За всем этим наблюдал хозяин заведения с довольной улыбкой, и вот когда дядя Моня и официант двинулись к выходу, он подошел к дяде Моне и сунул в карман плаща сверток: «Моничка, дома съешь у телевизора, оладьи домашние, моя Фира приготовила». Дядя Моня не успел сказать спасибо, как в кафе вошла красотка с хорошей фигурой и аккуратным задом. Дядя Моня повернул голову ей вослед и посмотрел каким-то чисто собачьим взглядом: «Мой тип, — сказал он и цокнул языком, — попадись она мне лет этак… и что бы я с ней и сделал». — «Ладно, дядя Моня, пошли, а то разволнуешься опять… — Официант поставил его на тротуар. — Ну что, дядя Моня, дойдешь домой?» — «А куда ж я денусь? Не дойду, так дотолкают». — И двинул свой опорно-двигательный аппарат навстречу беспечным прохожим. Он шел все так же медленно, как и пришел, трясясь и оглядываясь на женские фигуристые привидения. Официант смотрел за ним еще долго, и я спросил его: «Что за странный клиент, такое ему внимание?» Он удивленно взглянул на меня: «Это же дядя Моня, еврей из Одессы, когда-то был известным в городе таксистом, сейчас постарел сильно, вот и все…»

Марк Харитонов

ГОЛУБИ И СТРИЖИ

1

Инга Лазаревна сменила бумажные пеленки на Якове Львовиче, как на разбухшем грузном младенце, не смущаясь жалкой мужской наготы. Он старался ей помочь, приподнимая поясницу, хотя ему больше казалось, что помогает. На ногах расползались пятна лилово-розовых язв. В левую локтевую вену воткнута игла капельницы. Прозрачный пух над ушами, безбровый лоб делали и покрасневшее лицо его трогательно младенческим, круглая чистая лысина лишь слегка подпорчена пигментными пятнышками.

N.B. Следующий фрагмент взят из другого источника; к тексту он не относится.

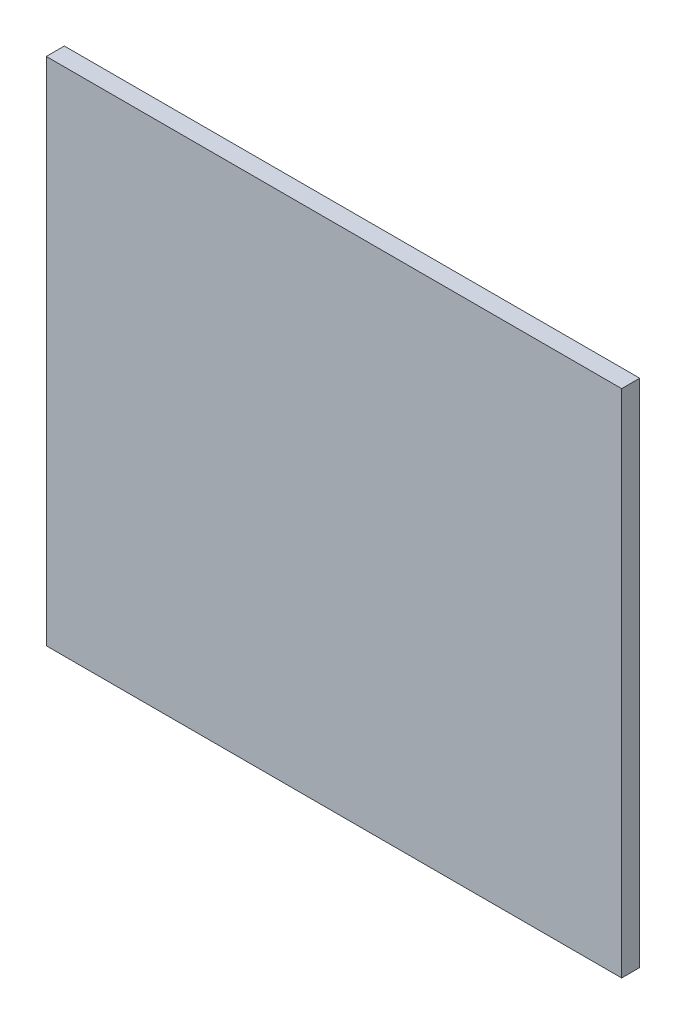
SolidWorks part; units mm, degrees
material "Гипс"
ref_plane "Спереди" through (0, 0, 0) normal (0, 0, 1) x (1, 0, 0)
ref_plane "Сверху" through (0, 0, 0) normal (0, 1, 0) x (1, 0, 0)
ref_plane "Справа" through (0, 0, 0) normal (1, 0, 0) x (0, 0, -1)
sketch "Эскиз1" plane through (0, 0, 0) normal (0, 0, 1) x (1, 0, 0)
  line L0 (-900, -353.5) -> (-400, -353.5) construction
  line L1 (-400, 0) -> (-1.5, 0)
  line L2 (-400, 0) -> (-400, -353.5)
  line L3 (-400, -353.5) -> (-1.5, -353.5)
  line L4 (-1.5, 0) -> (-1.5, -353.5)
  point P6 (0, 0)
  point P7 (0, 0)
extrude "Бобышка-Вытянуть1" add sketch "Эскиз1" against normal blind 12.5
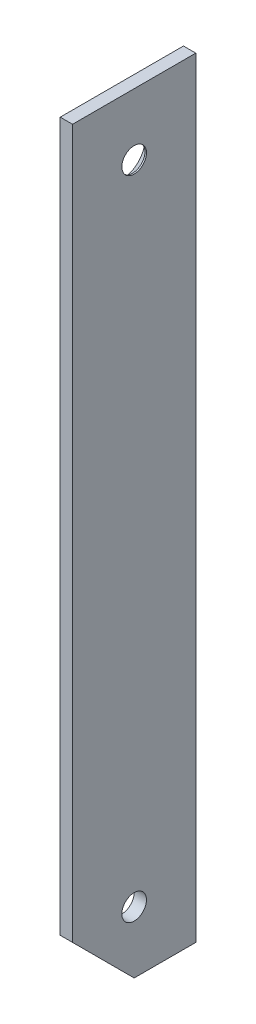
SolidWorks part; units mm, degrees
ref_plane "Front Plane" through (0, 0, 0) normal (0, 0, 1) x (1, 0, 0)
ref_plane "Top Plane" through (0, 0, 0) normal (0, 1, 0) x (1, 0, 0)
ref_plane "Right Plane" through (0, 0, 0) normal (1, 0, 0) x (0, 0, -1)
sketch "Sketch1" plane through (0, 0, 0) normal (1, 0, 0) x (0, 0, -1)
  line L0 (0, 125) -> (0, -125) construction
  line L1 (-20, 125) -> (20, 125)
  line L2 (-20, 125) -> (-20, -125)
  line L3 (-20, -125) -> (20, -125)
  line L4 (20, 125) -> (20, -125)
  line L5 (-20, 125) -> (20, -125) construction
  line L6 (-20, -125) -> (20, 125) construction
  line L7 (0, 0) -> (45.6121, 0) construction
  circle A0 centre (0, 105) radius 4
  circle A1 centre (0, -105) radius 4
  point P0 (0, 0)
  dimension "D3" = 20
  dimension "D1" = 125
  dimension "D2" = 40
  dimension "D4" = 125
  dimension "D6" = 20
  dimension "D7" = 20
  dimension "D8" = 20
extrude "Boss-Extrude1" add sketch "Sketch1" along normal blind 4
chamfer "Chamfer1" distance 3.5 angle 45 1 edges at (0, 105, -4)
chamfer "Chamfer3" distance 20 angle 45 1 edges at (2, -125, 20)

На соседней койке замычал, заворочался искривленный маразматик, одеяло с него стало сползать. Его оставляли лежать нагишом на клеенке, чтобы не менять постоянно замаранное белье. Еще один обитатель палаты, у входной двери, уже вторые сутки лежал на спине без движения, дыхание было едва заметно, запавший беззубый рот делал его профиль заранее неживым. На тумбочке дожидалась чего-то бессмысленно оставленная тарелка с застывшей слизистой гущей, словно пища, предназначенная сопровождать уходящих в другой мир. Третий сосед появился здесь перед самым приходом Инги Лазаревны и сразу отправился выяснять, почему его, ходячего, сунули в такую палату. Насупленные надбровья, начальственные брыжи делали его похожим на готового зарычать бульдога. Найти в воскресенье дежурного врача ему до сих пор, видно, не удавалось, но перед уходом он запретил открывать окно, хотя на улице было тепло. «Вы что, хотите устроить всем пневмонию?» — рявкнул, вымещая на Инге Лазаревне такое справедливое раздражение, что она все еще не решалась нарушить запрет.

Сам Яков Львович, похоже, оказался здесь по ошибке. Он убедился в этом, когда заглянувшие в палату врачи стали переговариваться между собой, как при постороннем. «Одно дело инсульт, другое диабет, надо было сразу подумать». — «Да у него целый букет». — «А что тут делать с гангреной? Мы же не режем. Повесят потом на нас». — «Доживем до понедельника». — «До понедельника доживем». И рассмеялись чему-то своему, не задерживаясь больше в порченом воздухе. Обе женщины были не по-больничному ярко накрашены, под халатами угадывались нарядные платья, фонендоскопы, свисавшие на грудь, вызывали мысль об ожерельях.

— Мне пока ни с кем не удалось поговорить, — сказала Инга Лазаревна, как бы оправдываясь. — Тот же ответ: в понедельник все скажет лечащий врач.